An evacuation order was also lifted Tuesday afternoon for the area of the Old Smith Highway, and about 300 residents were expected to begin returning over the next day.
However, those who returned were told to remain on a 30-minute evacuation notice, and Chief Jamie Coutts of the Lesser Slave Regional Fire Service advised they should not disable or remove any sprinklers on their property.
Taron said no similar order would apply to the thousands of people returning to Wabasca, saying that provincial officials felt confident the fire was being held and the danger was over.
"However, we are keeping the state of local emergency on for a while yet, as a precaution," she said.
Agriculture and Forestry Minister Oneil Carlier said he hopes people will abide by a provincewide fire ban.
"Most of the province is under a high to severe fire threat and it is incredibly important at this time that we all do everything we can to keep people safe."
As of Tuesday afternoon, there were 70 fires burning in the province; 20 were considered to be out of control.

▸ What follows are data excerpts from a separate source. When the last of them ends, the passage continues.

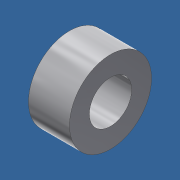
# Autodesk Inventor part: BN5281_3.1x6x3
Saved by Autodesk Inventor 2021 (Build 250183000, 183)
## iProperties
Created: 2020-11-25
Part Number: BN5281_3.1x6x3
Material: PA6.6
Description: Douilles d'écartement
Document SubType Name: Modeling
Designer: Jean-Marc.VULLIAMY
Authority: BN5281
Density: 1.14 g/cm^3
Appearance: Lisse - Blanc
Material number: ---
Author: Jean-Marc.VULLIAMY
Autodesk Inventor part; units mm, degrees
ref_plane "Plan YZ" through (0, 0, 0) normal (1, 0, 0) x (0, 1, 0)
ref_plane "Plan XZ" through (0, 0, 0) normal (0, 1, 0) x (-1, 0, 0)
ref_plane "Plan XY" through (0, 0, 0) normal (0, 0, 1) x (1, 0, 0)
sketch "Esquisse1" plane through (0, 0, 0) normal (0, 0, 1) x (1, 0, 0)
  line L0 (0, 3) -> (3, 3)
  line L1 (3, 3) -> (3, 1.55)
  line L2 (3, 1.55) -> (0, 1.55)
  line L3 (0, 1.55) -> (0, 3)
  line L4 (-0.6, 0) -> (3.6, 0) construction
  point P0 (0, 0)
  dimension "d0" = 3.1
  dimension "d1" = 6
  dimension "d2" = 3
  constraints: 8 end point, 2 parallel, 1 horizontal, 1 perpendicular, 1 point on line
  measures "d0" diameter of L2 L4
  measures "d1" diameter of L0 L4
  measures "d2" distance of L0.start L0.end
revolve "Révolution1" add sketch "Esquisse1" angle 360 about axis through (-10, 0, 0) along (1, 0, 0)
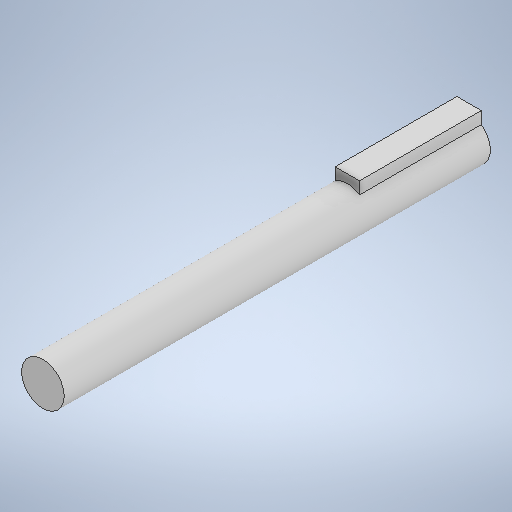
# Autodesk Inventor part: shaft1
Saved by Autodesk Inventor 2025 (Build 290162010, 162A)
## iProperties
Created: 2024-07-26
Part Number: shaft1
Material: Generic
Document SubType Name: Modeling
Designer: saees
Density: 1 g/cm^3
Appearance: Default
Author: saees
Autodesk Inventor part; units mm, degrees
ref_plane "YZ Plane" through (0, 0, 0) normal (1, 0, 0) x (0, 1, 0)
ref_plane "XZ Plane" through (0, 0, 0) normal (0, 1, 0) x (-1, 0, 0)
ref_plane "XY Plane" through (0, 0, 0) normal (0, 0, 1) x (1, 0, 0)
sketch "Sketch1" plane through (0, 0, 0) normal (0, 0, 1) x (1, 0, 0)
  circle A0 centre (0, 0) radius 3.5
  dimension "d0" = 7
  constraints: 1 centre point, 1 coincident
  measures "d0" diameter of A0
extrude "Extrusion1" add sketch "Sketch1" along normal blind 70
sketch "Sketch2" plane through (0, 0, 0) normal (0, 0, -1) x (-1, 0, 0)
  circle A0 centre (0, 0) radius 3.5 projected
  line L0 (-2, 2.8723) -> (-2, 4.8723)
  line L1 (-2, 4.8723) -> (2, 4.8723)
  line L2 (2, 4.8723) -> (2, 2.8723)
  arc A1 (2, 2.8723) -> (-2, 2.8723) centre (0, 0) ccw
  point P0 (0, 4.8723)
  dimension "d3" = 4
  dimension "d4" = 2
  constraints: 6 end point, 5 point on circle, 2 concentric, 2 perpendicular, 1 centre point, 1 midpoint, 1 vertical, 1 vertical alignment
  measures "d3" distance of L0.end L1.end
  measures "d4" distance of L1.end L2.end
extrude "Extrusion2" add sketch "Sketch2" against normal blind 20 contours A0 L0 L1 L2
body "Solid1"
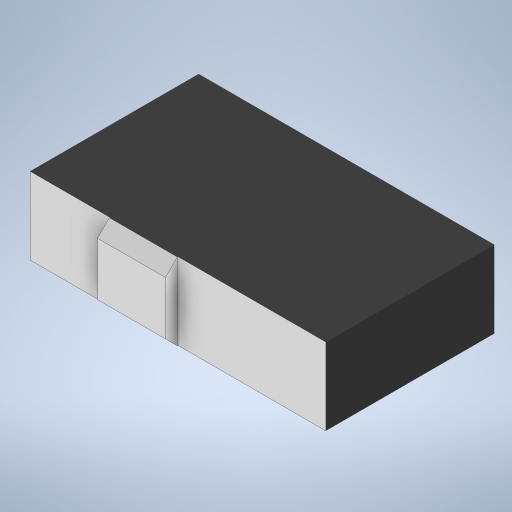
# Autodesk Inventor part: wlacznik
Saved by Autodesk Inventor 2023 (Build 270158000, 158)
## iProperties
Created: 2023-08-22
Part Number: wlacznik
Material: Ogólny
Document SubType Name: Modeling
Designer: Kamil
Density: 1 g/cm^3
Appearance: Domyślna
Author: Kamil
Autodesk Inventor part; units mm, degrees
ref_plane "YZ Plane" through (0, 0, 0) normal (1, 0, 0) x (0, 1, 0)
ref_plane "XZ Plane" through (0, 0, 0) normal (0, 1, 0) x (-1, 0, 0)
ref_plane "XY Plane" through (0, 0, 0) normal (0, 0, 1) x (1, 0, 0)
sketch "Szkic1" plane through (0, 0, 0) normal (0, 1, 0) x (-1, 0, 0)
  line L0 (0, 0) -> (10, 0)
  line L1 (10, 0) -> (10, -5.7)
  line L2 (10, -5.7) -> (0, -5.7)
  line L3 (0, -5.7) -> (0, 0)
  dimension "d0" = 10
  dimension "d1" = 5.7
  constraints: 8 end point, 2 parallel, 1 horizontal, 1 perpendicular
  measures "d0" distance of L1.end L2.end
  measures "d1" distance of L0.end L1.end
extrude "Wyciągnięcie proste1" add sketch "Szkic1" along normal blind 2.6
sketch "Szkic2" plane through (-10, 0, 0) normal (0, 0, 1) x (1, 0, 0)
  line L0 (0, 0) -> (10, 0) projected
  line L1 (10, 0) -> (10, 2.6) projected
  line L2 (0, 2.6) -> (10, 2.6) projected
  line L3 (0, 0) -> (0, 2.6) projected
  line L4 (0, 0) -> (0, 2.6) projected
  line L5 (10, 0) -> (0, 0) projected
  line L6 (0, 2.6) -> (2.7, 2.6)
  line L7 (2.7, 2.6) -> (2.7, 0)
  line L8 (2.7, 0) -> (0, 0)
  line L9 (0, 0) -> (0, 2.6)
  line L10 (10, 2.6) -> (0, 2.6) projected
  line L11 (2.7, 0) -> (5, 0)
  line L12 (5, 0) -> (5, 2.6)
  line L13 (5, 2.6) -> (2.7, 2.6)
  line L14 (2.7, 2.6) -> (2.7, 0)
  dimension "d4" = 2.7
  constraints: 16 end point, 4 parallel, 2 horizontal, 2 perpendicular, 1 midpoint, 1 point on line
  measures "d4" distance of L7.end L8.end
extrude "Wyciągnięcie proste2" add sketch "Szkic2" along normal blind 0.42 contours L7 L2 L12 L0
chamfer "Faza1" distance 0.4 angle 45 2 edges at (-6.15, 2.6, 0.42) (-6.15, 0, 0.42)

The fire about 20 kilometres east Slave Lake was estimated to be five square kilometres in size. The fire near Wabasca and Bigstone was about two square kilometres.
But Taron said lightning that was forecast for Tuesday night never materialized and the weather had cooled.
No one was relaxing, however, as the entire province has had a long stretch of hot, dry weather.
"We haven't seen very much significant rain since the snow left back in the spring and that's what's causing the high fire hazard in many of these areas," said wildfire officer Geoffrey Driscoll. "And that's also what's causing the fires to get big fast."
More than 600 firefighters were working directly on the wildfires and the government was considering putting a call out for reinforcements. About 100 firefighters from Ontario and water bombers from Quebec have already made the trip west to help.
The wildfires also forced more evacuations from oilsands sites in the Cold Lake area Tuesday.
One fire, about 100 square kilometres in size, was threatening the only access road into the facilities.
Statoil Canada said that it was voluntarily removing non-essential staff from its Leismer project south of Fort McMurray. Company spokesman Peter Symons said Leismer continues to produce oil, but only about 30 of the project's 185 workers remain at the site.
MEG Energy was also getting non-essential staff and contractors away from its Christina Lake facilities.
Cenovus Energy and Canadian Natural Resources earlier shut down projects as a safety precaution, sending about 2,000 workers home.
Meanwhile, officials in Edmonton issued a precautionary air quality advisory for the city due to smoke from the wildfires.
Alberta Health Services said the advisory could last for weeks.